Task statement. After locating the line that contains "R8, R9: 16K; R0402" in the records below, write out exactly that line and each line after it through the one that contains "RAWEMG: TPTP08R; TP08R", and nothing else.

Data section.
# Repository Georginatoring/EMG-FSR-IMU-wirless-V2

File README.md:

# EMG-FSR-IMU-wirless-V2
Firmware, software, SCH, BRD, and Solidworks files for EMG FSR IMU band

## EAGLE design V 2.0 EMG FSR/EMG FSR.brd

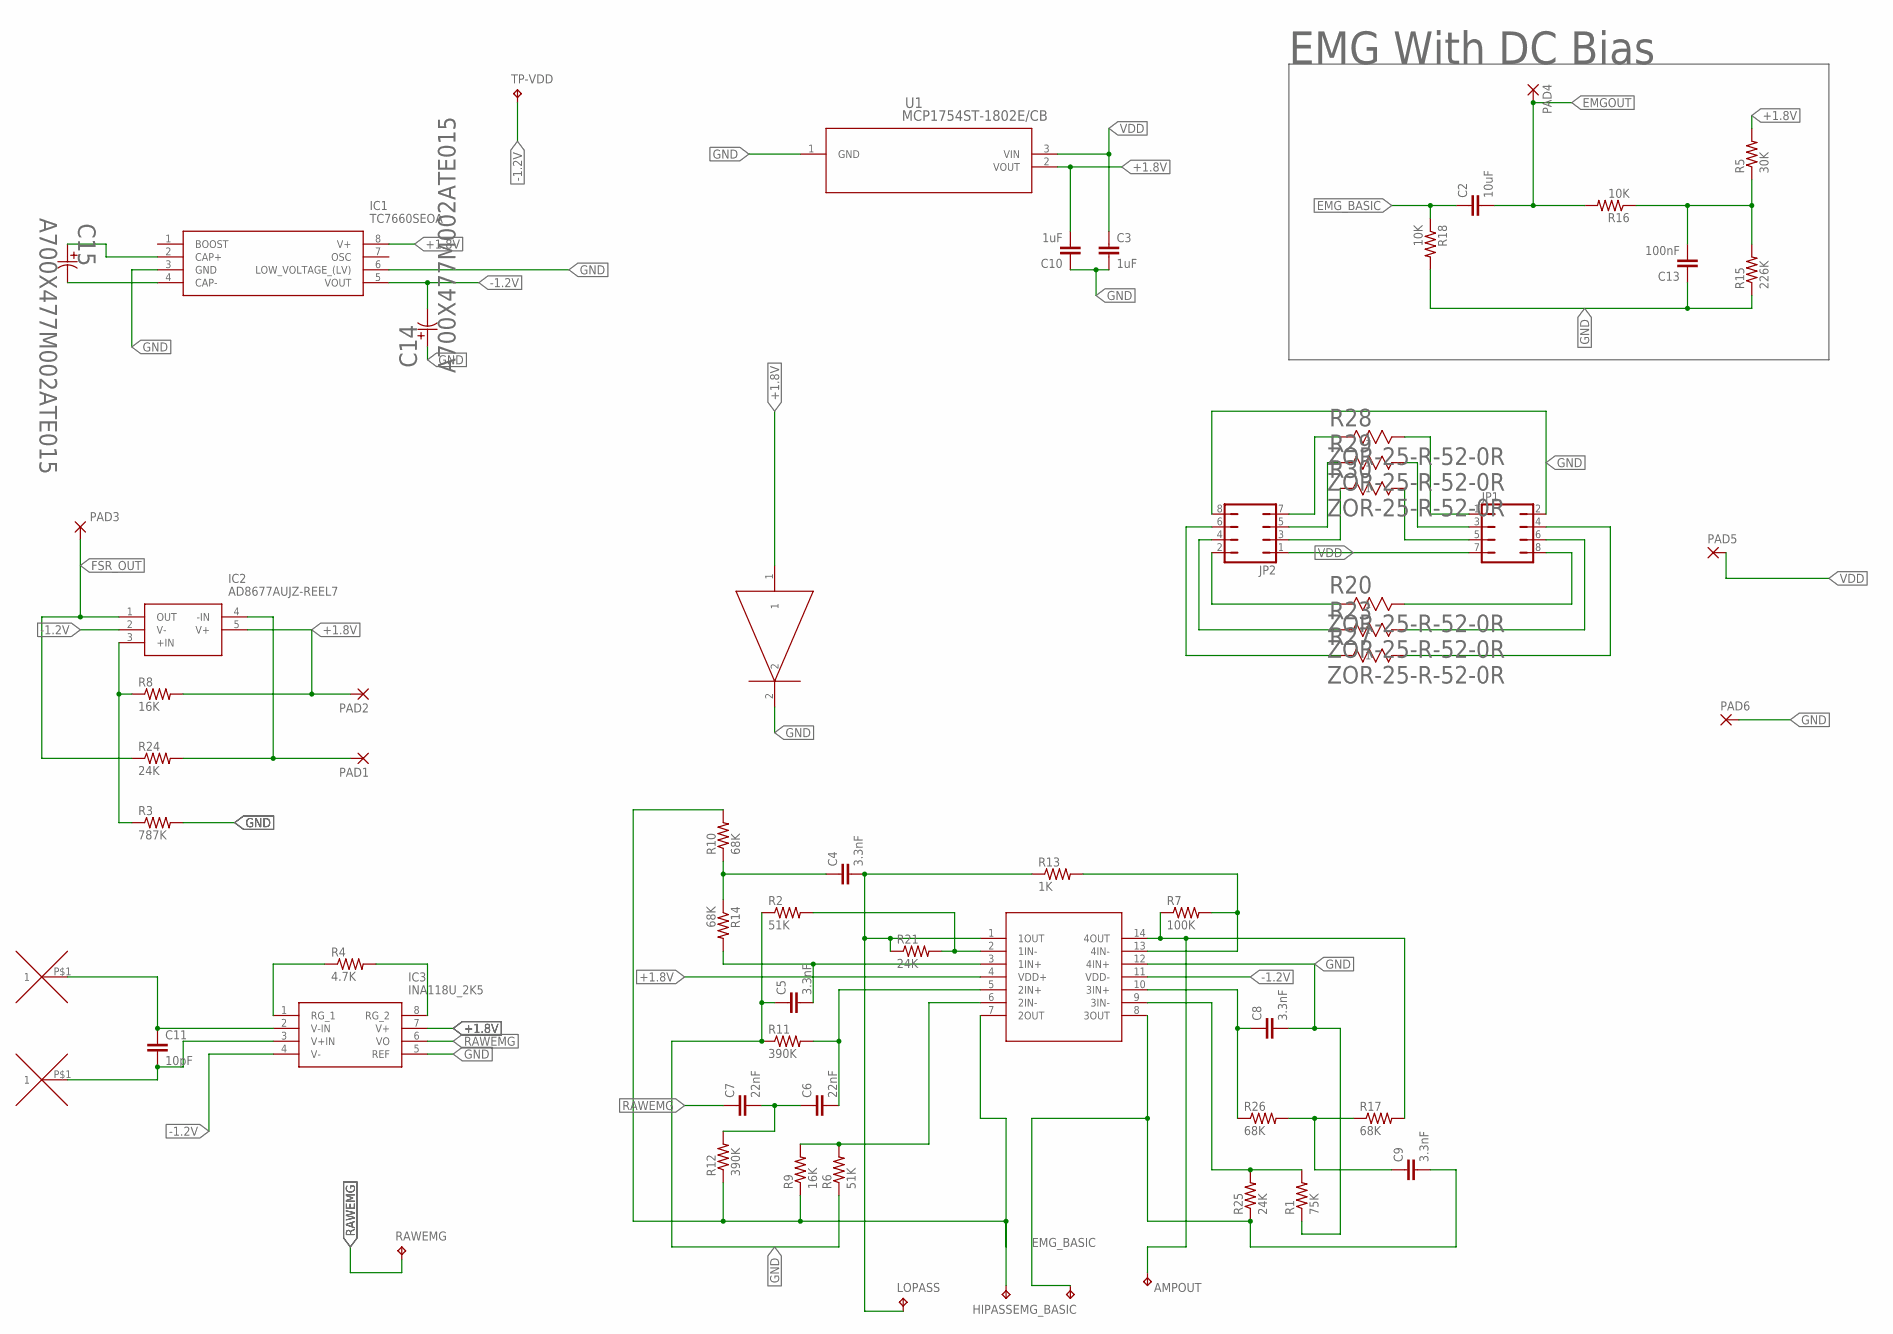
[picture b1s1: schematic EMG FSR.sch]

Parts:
AMPOUT: TPTP08R; TP08R
C2: 10uF; C0402
C3, C10: 1uF; C0402
C4, C5, C8, C9: 3.3nF; C1206
C6, C7: 22nF; C0805
C11: 10pF; C0402
C13: 100nF; C0402
C14, C15: A700X477M002ATE015; PCAP7343-43_KEMET_KEM
EMG_BASIC: TPTP08R; TP08R
HIPASS: TPTP08R; TP08R
IC1: TC7660SEOA; SOIC127P600X175-8N
IC2: AD8677AUJZ-REEL7; SOT95P280X100-5N
IC3: INA118U_2K5; SOIC127P600X175-8N
JP1, JP2: JP4Q
LOPASS: TPTP08R; TP08R
PAD1, PAD2: SMD2; SMD1,27-2,54
PAD3, PAD4, PAD5, PAD6: 1,6/0,8
R1: 75K; R0402
R2, R6: 51K; R0402
R3: 787K; R0805
R4: 4.7K; R0402
R5: 30K; R0402
R7: 100K; R1005
R8, R9: 16K; R0402
R10, R14, R17, R26: 68K; R0402
R11, R12: 390K; R0603
R13: 1K; R0402
R15: 226K; R0402
R16, R18: 10K; R0402
R20, R23, R27, R28, R29, R30: ZOR-25-R-52-0R; RES_ZOR25_6P3X2P3_YAG
R21, R24, R25: 24K; R0402
RAWEMG: TPTP08R; TP08R
RED: RESC0402X40N
TP-VDD: TPTP08R; TP08R
U1: MCP1754ST-1802E/CB; SOT-23A_MC_MCH
U$1: TLC2274-HT; SOP65P640X120-14N
U$2, U$3: EMG_VIA

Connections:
+1.8V: C10.2, IC1.8 (V+), IC2.5 (V+), IC3.7 (V+), PAD2.1, R5.2, R8.2, RED.1, U1.2 (VOUT), U$1.4 (VDD+)
-1.2V: C14.2, IC1.5 (VOUT), IC2.2 (V-), IC3.4 (V-), TP-VDD.TP, U$1.11 (VDD-)
EMGOUT: C2.2, PAD4.1, R16.2
EMG_BASIC: C2.1, C9.2, EMG_BASIC.TP, R18.1, R25.1, U$1.8 (3OUT)
FSR_OUT: IC2.1 (OUT), PAD3.1, R24.1
GND: C3.2, C5.1, C8.2, C10.1, C13.1, C14.1, IC1.3 (GND), IC1.6 (LOW_VOLTAGE_(LV)), IC3.5 (REF), JP1.2, JP2.8, PAD6.1, R1.1, R2.1, R3.2, R6.1, R11.1, R15.1, R18.2, RED.2, U1.1 (GND), U$1.12 (4IN+)
unnamed: C15.1, IC1.2 (CAP+)
unnamed: C15.2, IC1.4 (CAP-)
unnamed: C11.1, IC3.2 (V-IN), U$2.P$1
unnamed: C11.2, IC3.3 (V+IN), U$3.P$1
unnamed: IC2.4 (-IN), PAD1.1, R24.2
unnamed: C13.2, R5.1, R15.2, R16.1
unnamed: JP2.3, R30.1
unnamed: IC2.3 (+IN), R3.1, R8.1
unnamed: JP1.5, R30.2
unnamed: IC3.1 (RG_1), R4.1
unnamed: IC3.8 (RG_2), R4.2
unnamed: C4.2, LOPASS.TP, R13.1, R21.1, U$1.1 (1OUT)
unnamed: JP2.5, R29.1
unnamed: JP1.3, R29.2
unnamed: AMPOUT.TP, R7.1, R17.2, U$1.14 (4OUT)
unnamed: R7.2, R13.2, U$1.13 (4IN-)
unnamed: R2.2, R21.2, U$1.2 (1IN-)
unnamed: C5.2, R14.2, U$1.3 (1IN+)
unnamed: C4.1, R10.1, R14.1
unnamed: JP1.1, R28.2
unnamed: C6.1, C7.2, R12.2
unnamed: C6.2, R11.2, U$1.5 (2IN+)
unnamed: JP2.7, R28.1
unnamed: R6.2, R9.2, U$1.6 (2IN-)
unnamed: C9.1, R17.1, R26.2
unnamed: C8.1, R26.1, U$1.10 (3IN+)
unnamed: JP2.2, R20.1
unnamed: R1.2, R25.2, U$1.9 (3IN-)
unnamed: JP1.8, R20.2
unnamed: JP1.6, R23.2
unnamed: JP2.4, R23.1
unnamed: JP2.6, R27.1
unnamed: JP1.4, R27.2
PIN7: HIPASS.TP, R9.1, R10.2, R12.1, U$1.7 (2OUT)
RAWEMG: C7.1, IC3.6 (VO), RAWEMG.TP
VDD: C3.1, JP1.7, JP2.1, PAD5.1, U1.3 (VIN)

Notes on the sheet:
EMG With DC Bias

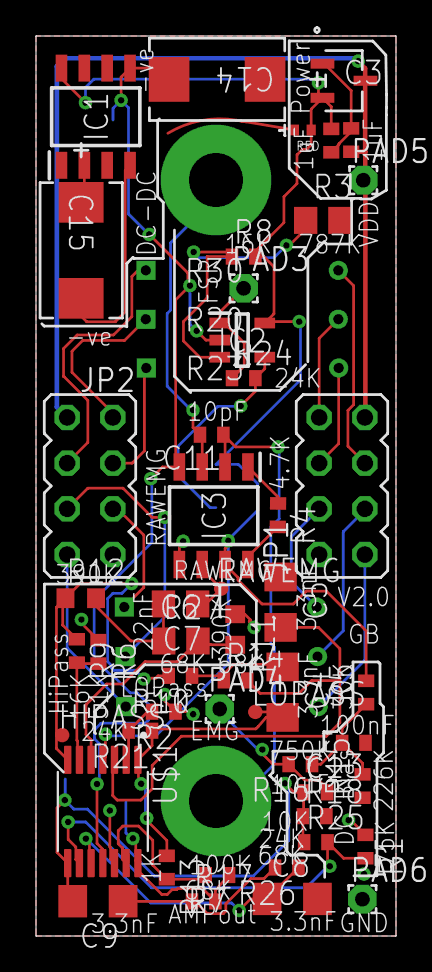
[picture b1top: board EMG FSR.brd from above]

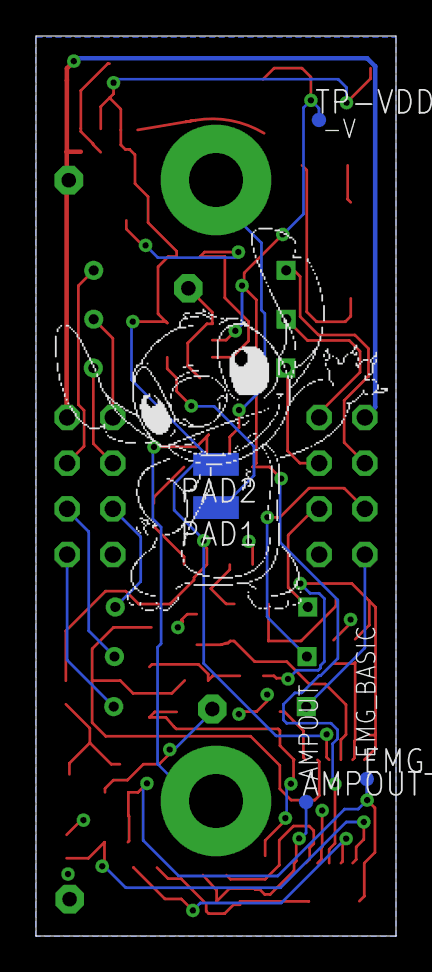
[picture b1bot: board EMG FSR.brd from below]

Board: 2 copper layers, 20.0 x 50.0 mm, 63 parts (5 on the bottom side), 42 nets.

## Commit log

2021-05-03 Add files via upload
    sender and receiver code
2021-05-08 Add files via upload
    Final firmware code.
    added timestamp, fixed IMU bug, increased SPS to 860
2021-05-10 Add files via upload
    Sledworks and Eagle Files

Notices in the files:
parts and their libraries:
COPYRIGHT: Copyright (C) 2018 Accelerated Designs. All rights reserved

Answer section.
R8, R9: 16K; R0402
R10, R14, R17, R26: 68K; R0402
R11, R12: 390K; R0603
R13: 1K; R0402
R15: 226K; R0402
R16, R18: 10K; R0402
R20, R23, R27, R28, R29, R30: ZOR-25-R-52-0R; RES_ZOR25_6P3X2P3_YAG
R21, R24, R25: 24K; R0402
RAWEMG: TPTP08R; TP08R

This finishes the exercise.